Attention selects relevant characters that are mapped to the corresponding spectrogram frame. We do this by accounting previous alignment \(a_{i-1}\) too, so that model attends to element of the sequence that in close proximity to previous position. This encourages model to monotonically move forwards.

[!Question] Can you think of alternatives on how text tokens can be mapped to their corresponding acoustic representations?

Decoder We use teacher forcing (ground truth previous frame is used for conditioning) and attention context from the encoder to predict next spectrogram frame. During inference teach-forcing is not possible so previously predicted spectrogram frames are used for the conditioning. Autoregressive nature of decoding is slow and grows with the length of the spectrogram.

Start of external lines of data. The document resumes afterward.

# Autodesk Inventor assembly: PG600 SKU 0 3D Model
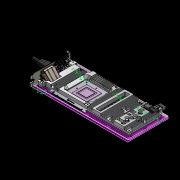
[picture p0: Inventor's stored thumbnail of the model, 180x180]
Saved by Autodesk Inventor 2018 (Build 220112000, 112)
## iProperties
Created: 2016-09-10
Part Number: PG600 SKU 0 3D Model
Material: 一般
Document SubType Name: Assembly
Designer: gisen
Sending System: SolidWorks 2016
Last Author: YDX
Last Saved: 2016-09-25
Author: gisen
## Documents named in this file (100)
- C:\Users\gisen\Documents\CAD\inventor\git\eatx_case\eatx_full\resources\nvidia-gtx980\Solidworks File (better version)\PG600 SKU 0 3D Model.iam
- C:\Users\gisen\Documents\CAD\inventor\git\eatx_case\eatx_full\resources\nvidia-gtx980\Solidworks File (better version)\142-1G600-1000-A05.ipt
- C:\Users\gisen\Documents\CAD\inventor\git\eatx_case\eatx_full\resources\nvidia-gtx980\Solidworks File (better version)\085-0009-000_1.ipt
- C:\Users\gisen\Documents\CAD\inventor\git\eatx_case\eatx_full\resources\nvidia-gtx980\Solidworks File (better version)\075-0186-000_1.ipt
- C:\Users\gisen\Documents\CAD\inventor\git\eatx_case\eatx_full\resources\nvidia-gtx980\Solidworks File (better version)\092-0023-000_1.ipt
- C:\Users\gisen\Documents\CAD\inventor\git\eatx_case\eatx_full\resources\nvidia-gtx980\Solidworks File (better version)\041-0139-000_1.ipt
- C:\Users\gisen\Documents\CAD\inventor\git\eatx_case\eatx_full\resources\nvidia-gtx980\Solidworks File (better version)\CAP_SMD_066X066_B_6000_GREY.ipt
- C:\Users\gisen\Documents\CAD\inventor\git\eatx_case\eatx_full\resources\nvidia-gtx980\Solidworks File (better version)\080-1128-000_3.ipt
- C:\Users\gisen\Documents\CAD\inventor\git\eatx_case\eatx_full\resources\nvidia-gtx980\Solidworks File (better version)\032-0286-000_1.ipt
- C:\Users\gisen\Documents\CAD\inventor\git\eatx_case\eatx_full\resources\nvidia-gtx980\Solidworks File (better version)\065-0573-000_3.ipt
- C:\Users\gisen\Documents\CAD\inventor\git\eatx_case\eatx_full\resources\nvidia-gtx980\Solidworks File (better version)\195-2659-000_1.ipt
- C:\Users\gisen\Documents\CAD\inventor\git\eatx_case\eatx_full\resources\nvidia-gtx980\Solidworks File (better version)\039-0122-000_1.ipt
- C:\Users\gisen\Documents\CAD\inventor\git\eatx_case\eatx_full\resources\nvidia-gtx980\Solidworks File (better version)\039-0127-000_1.ipt
- C:\Users\gisen\Documents\CAD\inventor\git\eatx_case\eatx_full\resources\nvidia-gtx980\Solidworks File (better version)\039-0123-000_1.ipt
- C:\Users\gisen\Documents\CAD\inventor\git\eatx_case\eatx_full\resources\nvidia-gtx980\Solidworks File (better version)\039-0183-000_1.ipt
- C:\Users\gisen\Documents\CAD\inventor\git\eatx_case\eatx_full\resources\nvidia-gtx980\Solidworks File (better version)\195-1593-000_1.ipt
- C:\Users\gisen\Documents\CAD\inventor\git\eatx_case\eatx_full\resources\nvidia-gtx980\Solidworks File (better version)\039-0149-000_1.ipt
- C:\Users\gisen\Documents\CAD\inventor\git\eatx_case\eatx_full\resources\nvidia-gtx980\Solidworks File (better version)\039-0128-000_1.ipt
- C:\Users\gisen\Documents\CAD\inventor\git\eatx_case\eatx_full\resources\nvidia-gtx980\Solidworks File (better version)\039-0186-000_1.ipt
- C:\Users\gisen\Documents\CAD\inventor\git\eatx_case\eatx_full\resources\nvidia-gtx980\Solidworks File (better version)\130-0445-000_2.ipt
- C:\Users\gisen\Documents\CAD\inventor\git\eatx_case\eatx_full\resources\nvidia-gtx980\Solidworks File (better version)\115-1357-000_2.ipt
- C:\Users\gisen\Documents\CAD\inventor\git\eatx_case\eatx_full\resources\nvidia-gtx980\Solidworks File (better version)\065-0301-000_1.ipt
- C:\Users\gisen\Documents\CAD\inventor\git\eatx_case\eatx_full\resources\nvidia-gtx980\Solidworks File (better version)\041-0188-000_1.ipt
- C:\Users\gisen\Documents\CAD\inventor\git\eatx_case\eatx_full\resources\nvidia-gtx980\Solidworks File (better version)\041-0190-000_2.ipt
- C:\Users\gisen\Documents\CAD\inventor\git\eatx_case\eatx_full\resources\nvidia-gtx980\Solidworks File (better version)\041-0085-000_2.ipt
- C:\Users\gisen\Documents\CAD\inventor\git\eatx_case\eatx_full\resources\nvidia-gtx980\Solidworks File (better version)\032-0070-000_1.ipt
- C:\Users\gisen\Documents\CAD\inventor\git\eatx_case\eatx_full\resources\nvidia-gtx980\Solidworks File (better version)\041-0196-000_1.ipt
- C:\Users\gisen\Documents\CAD\inventor\git\eatx_case\eatx_full\resources\nvidia-gtx980\Solidworks File (better version)\032-0299-000_1.ipt
- C:\Users\gisen\Documents\CAD\inventor\git\eatx_case\eatx_full\resources\nvidia-gtx980\Solidworks File (better version)\100-0028-000_1.ipt
- C:\Users\gisen\Documents\CAD\inventor\git\eatx_case\eatx_full\resources\nvidia-gtx980\Solidworks File (better version)\315-0756-000_1.ipt
- C:\Users\gisen\Documents\CAD\inventor\git\eatx_case\eatx_full\resources\nvidia-gtx980\Solidworks File (better version)\115-0121-000_1.ipt
- C:\Users\gisen\Documents\CAD\inventor\git\eatx_case\eatx_full\resources\nvidia-gtx980\Solidworks File (better version)\115-0398-000_1.ipt
- C:\Users\gisen\Documents\CAD\inventor\git\eatx_case\eatx_full\resources\nvidia-gtx980\Solidworks File (better version)\300-0766-000_1.ipt
- C:\Users\gisen\Documents\CAD\inventor\git\eatx_case\eatx_full\resources\nvidia-gtx980\Solidworks File (better version)\316-0134-000_3.ipt
- C:\Users\gisen\Documents\CAD\inventor\git\eatx_case\eatx_full\resources\nvidia-gtx980\Solidworks File (better version)\315-0829-000_4.ipt
- C:\Users\gisen\Documents\CAD\inventor\git\eatx_case\eatx_full\resources\nvidia-gtx980\Solidworks File (better version)\305-0092-000_1.ipt
- C:\Users\gisen\Documents\CAD\inventor\git\eatx_case\eatx_full\resources\nvidia-gtx980\Solidworks File (better version)\115-1286-000_2.ipt
- C:\Users\gisen\Documents\CAD\inventor\git\eatx_case\eatx_full\resources\nvidia-gtx980\Solidworks File (better version)\161-0163-100_1.ipt
- C:\Users\gisen\Documents\CAD\inventor\git\eatx_case\eatx_full\resources\nvidia-gtx980\Solidworks File (better version)\131-0786-000_1.ipt
- C:\Users\gisen\Documents\CAD\inventor\git\eatx_case\eatx_full\resources\nvidia-gtx980\Solidworks File (better version)\115-0732-000_1.ipt
- C:\Users\gisen\Documents\CAD\inventor\git\eatx_case\eatx_full\resources\nvidia-gtx980\Solidworks File (better version)\115-0967-000_1.ipt
- C:\Users\gisen\Documents\CAD\inventor\git\eatx_case\eatx_full\resources\nvidia-gtx980\Solidworks File (better version)\300-0250-000_1.ipt
- C:\Users\gisen\Documents\CAD\inventor\git\eatx_case\eatx_full\resources\nvidia-gtx980\Solidworks File (better version)\300-0787-000_1.ipt
- C:\Users\gisen\Documents\CAD\inventor\git\eatx_case\eatx_full\resources\nvidia-gtx980\Solidworks File (better version)\131-0213-000_2.ipt
- C:\Users\gisen\Documents\CAD\inventor\git\eatx_case\eatx_full\resources\nvidia-gtx980\Solidworks File (better version)\215-0139-000_2.ipt
- C:\Users\gisen\Documents\CAD\inventor\git\eatx_case\eatx_full\resources\nvidia-gtx980\Solidworks File (better version)\080-0424-000_1.ipt
- C:\Users\gisen\Documents\CAD\inventor\git\eatx_case\eatx_full\resources\nvidia-gtx980\Solidworks File (better version)\300-0667-000_1.ipt
- C:\Users\gisen\Documents\CAD\inventor\git\eatx_case\eatx_full\resources\nvidia-gtx980\Solidworks File (better version)\065-0415-000_2.ipt
- C:\Users\gisen\Documents\CAD\inventor\git\eatx_case\eatx_full\resources\nvidia-gtx980\Solidworks File (better version)\131-0560-000_2.ipt
- C:\Users\gisen\Documents\CAD\inventor\git\eatx_case\eatx_full\resources\nvidia-gtx980\Solidworks File (better version)\131-0397-000_2.ipt
- C:\Users\gisen\Documents\CAD\inventor\git\eatx_case\eatx_full\resources\nvidia-gtx980\Solidworks File (better version)\131-0134-000_3.ipt
- C:\Users\gisen\Documents\CAD\inventor\git\eatx_case\eatx_full\resources\nvidia-gtx980\Solidworks File (better version)\131-0257-000_1.ipt
- C:\Users\gisen\Documents\CAD\inventor\git\eatx_case\eatx_full\resources\nvidia-gtx980\Solidworks File (better version)\090-0091-000_2.ipt
- C:\Users\gisen\Documents\CAD\inventor\git\eatx_case\eatx_full\resources\nvidia-gtx980\Solidworks File (better version)\131-0246-000_2.ipt
- C:\Users\gisen\Documents\CAD\inventor\git\eatx_case\eatx_full\resources\nvidia-gtx980\Solidworks File (better version)\115-1066-000_2.ipt
- C:\Users\gisen\Documents\CAD\inventor\git\eatx_case\eatx_full\resources\nvidia-gtx980\Solidworks File (better version)\039-0125-000_1.ipt
- C:\Users\gisen\Documents\CAD\inventor\git\eatx_case\eatx_full\resources\nvidia-gtx980\Solidworks File (better version)\039-0135-000_1.ipt
- C:\Users\gisen\Documents\CAD\inventor\git\eatx_case\eatx_full\resources\nvidia-gtx980\Solidworks File (better version)\039-0037-000_1.ipt
- C:\Users\gisen\Documents\CAD\inventor\git\eatx_case\eatx_full\resources\nvidia-gtx980\Solidworks File (better version)\036-0043-000_1.ipt
- C:\Users\gisen\Documents\CAD\inventor\git\eatx_case\eatx_full\resources\nvidia-gtx980\Solidworks File (better version)\039-0227-000_1.ipt
- C:\Users\gisen\Documents\CAD\inventor\git\eatx_case\eatx_full\resources\nvidia-gtx980\Solidworks File (better version)\300-0602-000_1.ipt
- C:\Users\gisen\Documents\CAD\inventor\git\eatx_case\eatx_full\resources\nvidia-gtx980\Solidworks File (better version)\300-0484-000_2.ipt
- C:\Users\gisen\Documents\CAD\inventor\git\eatx_case\eatx_full\resources\nvidia-gtx980\Solidworks File (better version)\091-0002-000_1.ipt
- C:\Users\gisen\Documents\CAD\inventor\git\eatx_case\eatx_full\resources\nvidia-gtx980\Solidworks File (better version)\305-0005-000_1.ipt
- C:\Users\gisen\Documents\CAD\inventor\git\eatx_case\eatx_full\resources\nvidia-gtx980\Solidworks File (better version)\300-0675-000_1.ipt
- C:\Users\gisen\Documents\CAD\inventor\git\eatx_case\eatx_full\resources\nvidia-gtx980\Solidworks File (better version)\091-0016-000_1.ipt
- C:\Users\gisen\Documents\CAD\inventor\git\eatx_case\eatx_full\resources\nvidia-gtx980\Solidworks File (better version)\090-0085-000_1.ipt
- C:\Users\gisen\Documents\CAD\inventor\git\eatx_case\eatx_full\resources\nvidia-gtx980\Solidworks File (better version)\GM200-INT624126-A1_2.ipt
- C:\Users\gisen\Documents\CAD\inventor\git\eatx_case\eatx_full\resources\nvidia-gtx980\Solidworks File (better version)\115-0569-000_2.ipt
- C:\Users\gisen\Documents\CAD\inventor\git\eatx_case\eatx_full\resources\nvidia-gtx980\Solidworks File (better version)\170-0165-000_1.ipt
- C:\Users\gisen\Documents\CAD\inventor\git\eatx_case\eatx_full\resources\nvidia-gtx980\Solidworks File (better version)\315-0378-000_2.ipt
- C:\Users\gisen\Documents\CAD\inventor\git\eatx_case\eatx_full\resources\nvidia-gtx980\Solidworks File (better version)\316-0349-000_2.ipt
- C:\Users\gisen\Documents\CAD\inventor\git\eatx_case\eatx_full\resources\nvidia-gtx980\Solidworks File (better version)\315-0861-000_1.ipt
- C:\Users\gisen\Documents\CAD\inventor\git\eatx_case\eatx_full\resources\nvidia-gtx980\Solidworks File (better version)\065-0416-000_1.ipt
- C:\Users\gisen\Documents\CAD\inventor\git\eatx_case\eatx_full\resources\nvidia-gtx980\Solidworks File (better version)\130-0209-000_1.ipt
- C:\Users\gisen\Documents\CAD\inventor\git\eatx_case\eatx_full\resources\nvidia-gtx980\Solidworks File (better version)\130-0008-000_1.ipt
- C:\Users\gisen\Documents\CAD\inventor\git\eatx_case\eatx_full\resources\nvidia-gtx980\Solidworks File (better version)\100-0012-000_1.ipt
- C:\Users\gisen\Documents\CAD\inventor\git\eatx_case\eatx_full\resources\nvidia-gtx980\Solidworks File (better version)\100-0026-000_1.ipt
- C:\Users\gisen\Documents\CAD\inventor\git\eatx_case\eatx_full\resources\nvidia-gtx980\Solidworks File (better version)\100-0111-000_1.ipt
- C:\Users\gisen\Documents\CAD\inventor\git\eatx_case\eatx_full\resources\nvidia-gtx980\Solidworks File (better version)\1005_0600_GREY.ipt
- C:\Users\gisen\Documents\CAD\inventor\git\eatx_case\eatx_full\resources\nvidia-gtx980\Solidworks File (better version)\1005_BGA_0600_GREY.ipt
- C:\Users\gisen\Documents\CAD\inventor\git\eatx_case\eatx_full\resources\nvidia-gtx980\Solidworks File (better version)\215-0201-000_1.ipt
- C:\Users\gisen\Documents\CAD\inventor\git\eatx_case\eatx_full\resources\nvidia-gtx980\Solidworks File (better version)\195-1635-000_1.ipt
- C:\Users\gisen\Documents\CAD\inventor\git\eatx_case\eatx_full\resources\nvidia-gtx980\Solidworks File (better version)\195-1589-000_1.ipt
- C:\Users\gisen\Documents\CAD\inventor\git\eatx_case\eatx_full\resources\nvidia-gtx980\Solidworks File (better version)\039-0189-000_1.ipt
- C:\Users\gisen\Documents\CAD\inventor\git\eatx_case\eatx_full\resources\nvidia-gtx980\Solidworks File (better version)\106-0037-000_2.ipt
- C:\Users\gisen\Documents\CAD\inventor\git\eatx_case\eatx_full\resources\nvidia-gtx980\Solidworks File (better version)\115-0596-000_1.ipt
- C:\Users\gisen\Documents\CAD\inventor\git\eatx_case\eatx_full\resources\nvidia-gtx980\Solidworks File (better version)\115-1426-000_1.ipt
- C:\Users\gisen\Documents\CAD\inventor\git\eatx_case\eatx_full\resources\nvidia-gtx980\Solidworks File (better version)\131-0307-000_2.ipt
- C:\Users\gisen\Documents\CAD\inventor\git\eatx_case\eatx_full\resources\nvidia-gtx980\Solidworks File (better version)\131-0707-000_1.ipt
- C:\Users\gisen\Documents\CAD\inventor\git\eatx_case\eatx_full\resources\nvidia-gtx980\Solidworks File (better version)\131-0669-000_1.ipt
- C:\Users\gisen\Documents\CAD\inventor\git\eatx_case\eatx_full\resources\nvidia-gtx980\Solidworks File (better version)\131-0622-000_1.ipt
- C:\Users\gisen\Documents\CAD\inventor\git\eatx_case\eatx_full\resources\nvidia-gtx980\Solidworks File (better version)\074-0098-000_2.ipt
- C:\Users\gisen\Documents\CAD\inventor\git\eatx_case\eatx_full\resources\nvidia-gtx980\Solidworks File (better version)\065-00044-0000-000_1.ipt
- C:\Users\gisen\Documents\CAD\inventor\git\eatx_case\eatx_full\resources\nvidia-gtx980\Solidworks File (better version)\244-12203-1000-A01_ASM.iam
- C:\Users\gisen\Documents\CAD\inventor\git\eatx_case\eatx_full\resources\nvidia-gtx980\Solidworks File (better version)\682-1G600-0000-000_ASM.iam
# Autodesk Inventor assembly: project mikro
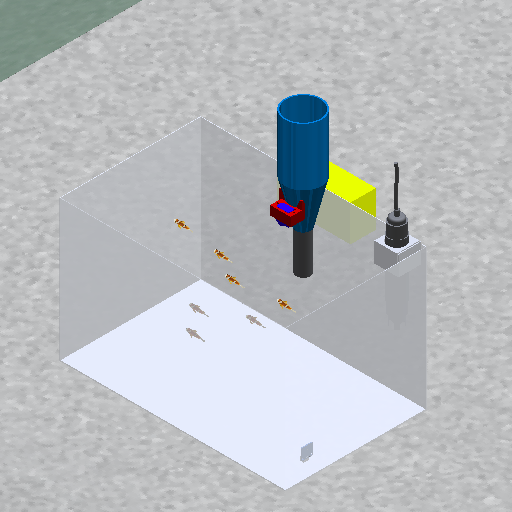
[picture p0: Inventor's stored thumbnail of the model, 512x512]
Saved by Autodesk Inventor 2027 (Build 310192060, 192F)
## iProperties
Created: 2026-06-09
Part Number: project mikro
Document SubType Name: Assembly
Designer: ridho
Author: ridho
## Documents named in this file (13)
- C:\Users\ridho\OneDrive\Dokumen\project mikro.iam
- C:\Users\ridho\Downloads\rtc-module-ds3231-1.snapshot.1\DS3231-module\DS3231-module.ipt
- C:\Users\ridho\OneDrive\Dokumen\aquariuu.ipt
- C:\Users\ridho\OneDrive\Dokumen\Box .ipt
- C:\Users\ridho\OneDrive\Dokumen\Part16.ipt
- C:\Users\ridho\OneDrive\Dokumen\Part6.ipt
- C:\Users\ridho\OneDrive\Dokumen\pipa.ipt
- C:\Users\ridho\Downloads\arduino-mega-17.snapshot.19\Arduino Mega 2560\Arduino Mega 2560.ipt
- C:\Users\ridho\Downloads\ph-sensor-1.snapshot.1\pH_Sensor\pH_Sensor.ipt
- C:\Users\ridho\Downloads\sg90-servo-motor-6.snapshot.6\SG-90_Motor\SG-90_Motor.ipt
- C:\Users\ridho\Downloads\sunfounder-ds18b20-1.snapshot.11\SunFounder DS18B20 v3\SunFounder DS18B20 v3.ipt
- C:\Users\ridho\OneDrive\Dokumen\Bracket PH.ipt
- C:\Users\ridho\Downloads\sunfounder-ds18b20-1.snapshot.11\12265_Fish_v1_L2.ipt
## Components (18 placed, 12 different names)
1. DS3231-module:1 — Rigid:3
2. aquariuu:1 — Rigid:1, Rigid:2, Mate:1, Mate:2
3. Box :1 — Rigid:2, Rotational:2, Rigid:3
4. Part16:1 — Rotational:1, Cylindrical:1, Rigid:1
5. Part6:1 — Insert:1
6. pipa:1 — Insert:1, Cylindrical:1
7. Arduino Mega 2560:1 — Rotational:2
8. SG-90_Motor:1 — Rotational:1
9. Bracket PH:1 — Rigid:4, Mate:1
10. pH_Sensor:1 — Rigid:4
11. SunFounder DS18B20 v3:1 — Mate:2
12. 12265_Fish_v1_L2:1
13. 12265_Fish_v1_L2:2
14. 12265_Fish_v1_L2:3
15. 12265_Fish_v1_L2:4
16. 12265_Fish_v1_L2:5
17. 12265_Fish_v1_L2:6
18. 12265_Fish_v1_L2:7
## Relationships (10: WeldJoint 4, RevoluteJoint 2, Mate 2, Insert 1, CylindricalJoint 1)
- Insert:1: Part6:1 ↔ pipa:1
- Rotational:1 [RevoluteJoint]: Part16:1 ↔ SG-90_Motor:1
- Cylindrical:1: Part16:1 ↔ pipa:1
- Rigid:1 [WeldJoint]: aquariuu:1 ↔ Part16:1
- Rigid:2 [WeldJoint]: aquariuu:1 ↔ Box :1
- Rotational:2 [RevoluteJoint]: Box :1 ↔ Arduino Mega 2560:1
- Rigid:3 [WeldJoint]: DS3231-module:1 ↔ Box :1
- Rigid:4 [WeldJoint] (-120 mm): Bracket PH:1 ↔ pH_Sensor:1
- Mate:1: aquariuu:1 ↔ Bracket PH:1
- Mate:2: aquariuu:1 ↔ SunFounder DS18B20 v3:1
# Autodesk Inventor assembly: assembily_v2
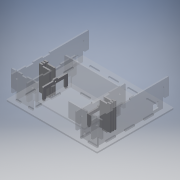
[picture p0: Inventor's stored thumbnail of the model, 180x180]
Saved by Autodesk Inventor 2017.2 (Build 212233000, 233)
## iProperties
Created: 2017-06-09
Part Number: assembily_v2
Document SubType Name: Assembly
Designer: SandeepSH
Author: SandeepSH
## Documents named in this file (13)
- C:\Users\SandeepSH\Dropbox\MSC\Project\inventor\lcv1\assembily_v2.iam
- C:\Users\SandeepSH\Dropbox\MSC\Project\inventor\lcv1\base_v2.ipt
- C:\Users\SandeepSH\Dropbox\MSC\Project\inventor\lcv1\cham_right_v2.ipt
- C:\Users\SandeepSH\Dropbox\MSC\Project\inventor\lcv1\cham_left_v2.ipt
- C:\Users\SandeepSH\Dropbox\MSC\Project\inventor\lcv1\cham_back_v2.ipt
- C:\Users\SandeepSH\Dropbox\MSC\Project\inventor\lcv1\front_left_v2.ipt
- C:\Users\SandeepSH\Dropbox\MSC\Project\inventor\lcv1\front_right_v2.ipt
- C:\Users\SandeepSH\Dropbox\MSC\Project\inventor\lcv1\hollow_mount.ipt
- C:\Users\SandeepSH\Dropbox\MSC\Project\inventor\lcv1\fill_mount.ipt
- C:\Users\SandeepSH\Dropbox\MSC\Project\inventor\lcv1\side_v2.ipt
- C:\Users\SandeepSH\Dropbox\MSC\Project\inventor\lcv1\top_right_v2.ipt
- C:\Users\SandeepSH\Dropbox\MSC\Project\inventor\lcv1\roof_v2.ipt
- C:\Users\SandeepSH\Dropbox\MSC\Project\inventor\lcv1\hangar.ipt
## Components (18 placed, 12 different names)
1. base_v2:1 — Mate:5, Mate:6, Mate:7, Mate:8, Mate:9, Mate:10, Mate:11, Mate:12, Mate:13, Mate:14, Mate:15, Mate:16, Mate:17, Mate:18, Mate:19, Mate:20, Mate:21, Mate:22, Mate:23, Mate:24, Mate:25, Mate:26, Mate:27, Mate:28, Mate:29
2. cham_back_v2:1 — Mate:5, Mate:6
3. cham_left_v2:1 — Mate:7
4. cham_right_v2:1 — Mate:8, Mate:9
5. front_right_v2:1 — Mate:10, Mate:11, Mate:30, Mate:31
6. front_left_v2:1 — Mate:12, Mate:13
7. hollow_mount:1 — Mate:14, Mate:15
8. hollow_mount:2 — Mate:16, Mate:17
9. fill_mount:1 — Mate:18, Mate:19
10. fill_mount:2 — Mate:20, Mate:21
11. fill_mount:3 — Mate:22, Mate:23
12. fill_mount:4 — Mate:24, Mate:25
13. side_v2:1 — Mate:26, Mate:27
14. side_v2:2 — Mate:28, Mate:29
15. top_right_v2:1 — Mate:30, Mate:31
16. roof_v2:1 — Mate:32, Mate:33, Mate:34, Mate:35, Mate:36
17. hangar:1 — Mate:32, Mate:33, Mate:34
18. hangar:2 — Mate:35, Mate:36
## Relationships (32: Mate 32)
- Mate:5: base_v2:1 ↔ cham_back_v2:1
- Mate:6: base_v2:1 ↔ cham_back_v2:1
- Mate:7: base_v2:1 ↔ cham_left_v2:1
- Mate:8: base_v2:1 ↔ cham_right_v2:1
- Mate:9: base_v2:1 ↔ cham_right_v2:1
- Mate:10: base_v2:1 ↔ front_right_v2:1
- Mate:11: base_v2:1 ↔ front_right_v2:1
- Mate:12: base_v2:1 ↔ front_left_v2:1
- Mate:13: base_v2:1 ↔ front_left_v2:1
- Mate:14: base_v2:1 ↔ hollow_mount:1
- Mate:15: base_v2:1 ↔ hollow_mount:1
- Mate:16: base_v2:1 ↔ hollow_mount:2
- Mate:17: base_v2:1 ↔ hollow_mount:2
- Mate:18: base_v2:1 ↔ fill_mount:1
- Mate:19: base_v2:1 ↔ fill_mount:1
- Mate:20: base_v2:1 ↔ fill_mount:2
- Mate:21: base_v2:1 ↔ fill_mount:2
- Mate:22: base_v2:1 ↔ fill_mount:3
- Mate:23: base_v2:1 ↔ fill_mount:3
- Mate:24: base_v2:1 ↔ fill_mount:4
- Mate:25: base_v2:1 ↔ fill_mount:4
- Mate:26: base_v2:1 ↔ side_v2:1
- Mate:27: base_v2:1 ↔ side_v2:1
- Mate:28: base_v2:1 ↔ side_v2:2
- Mate:29: base_v2:1 ↔ side_v2:2
- Mate:30: front_right_v2:1 ↔ top_right_v2:1
- Mate:31: front_right_v2:1 ↔ top_right_v2:1
- Mate:32: roof_v2:1 ↔ hangar:1
- Mate:33: roof_v2:1 ↔ hangar:1
- Mate:34: roof_v2:1 ↔ hangar:1
- Mate:35: roof_v2:1 ↔ hangar:2
- Mate:36: roof_v2:1 ↔ hangar:2

Loss function. The model is trained using frame-wise MSE loss. Remember teacher forcing mentioned above? We need it exactly for the purpose of being able to compute MSE, since otherwise model will be less constrained in terms of modelling durations for each of the phonemes in the utterance. Our goal is to match number of frames in ground truth and predicted spectrograms as well as to have all the frames exactly aligned.

\[\begin{align*} \mathcal{L}_{\text{MSE}} = \frac{1}{N} \sum_{i=1}^{N} \| x^{(i)} - \hat{x}^{(i)} \|^2, x^{(i)} \in \mathbb{R}^{F} \end{align*}\]

[!Question] What metrics can you think of for measuring quality of a TTS system?

Ecosystem

These days when deep learning for speech is getting mature, multiple libraries are available for training TTS models, the most prominent of them are:

  • NVIDIA’s NeMo15
  • ESPnet16 from CMU
  • s3prl17 - speech self supervised learning toolkit

These toolkits are good for training production quality models, though for research purposes I suggest to focus on standalone easily hackable repos with implementations of your interest so that you can iterate quicker while testing new ideas or learning new concept. I suggest exploring NeMo tutorials18 on a jupyter notebooks19 covering various TTS models including classic examples and modern approaches.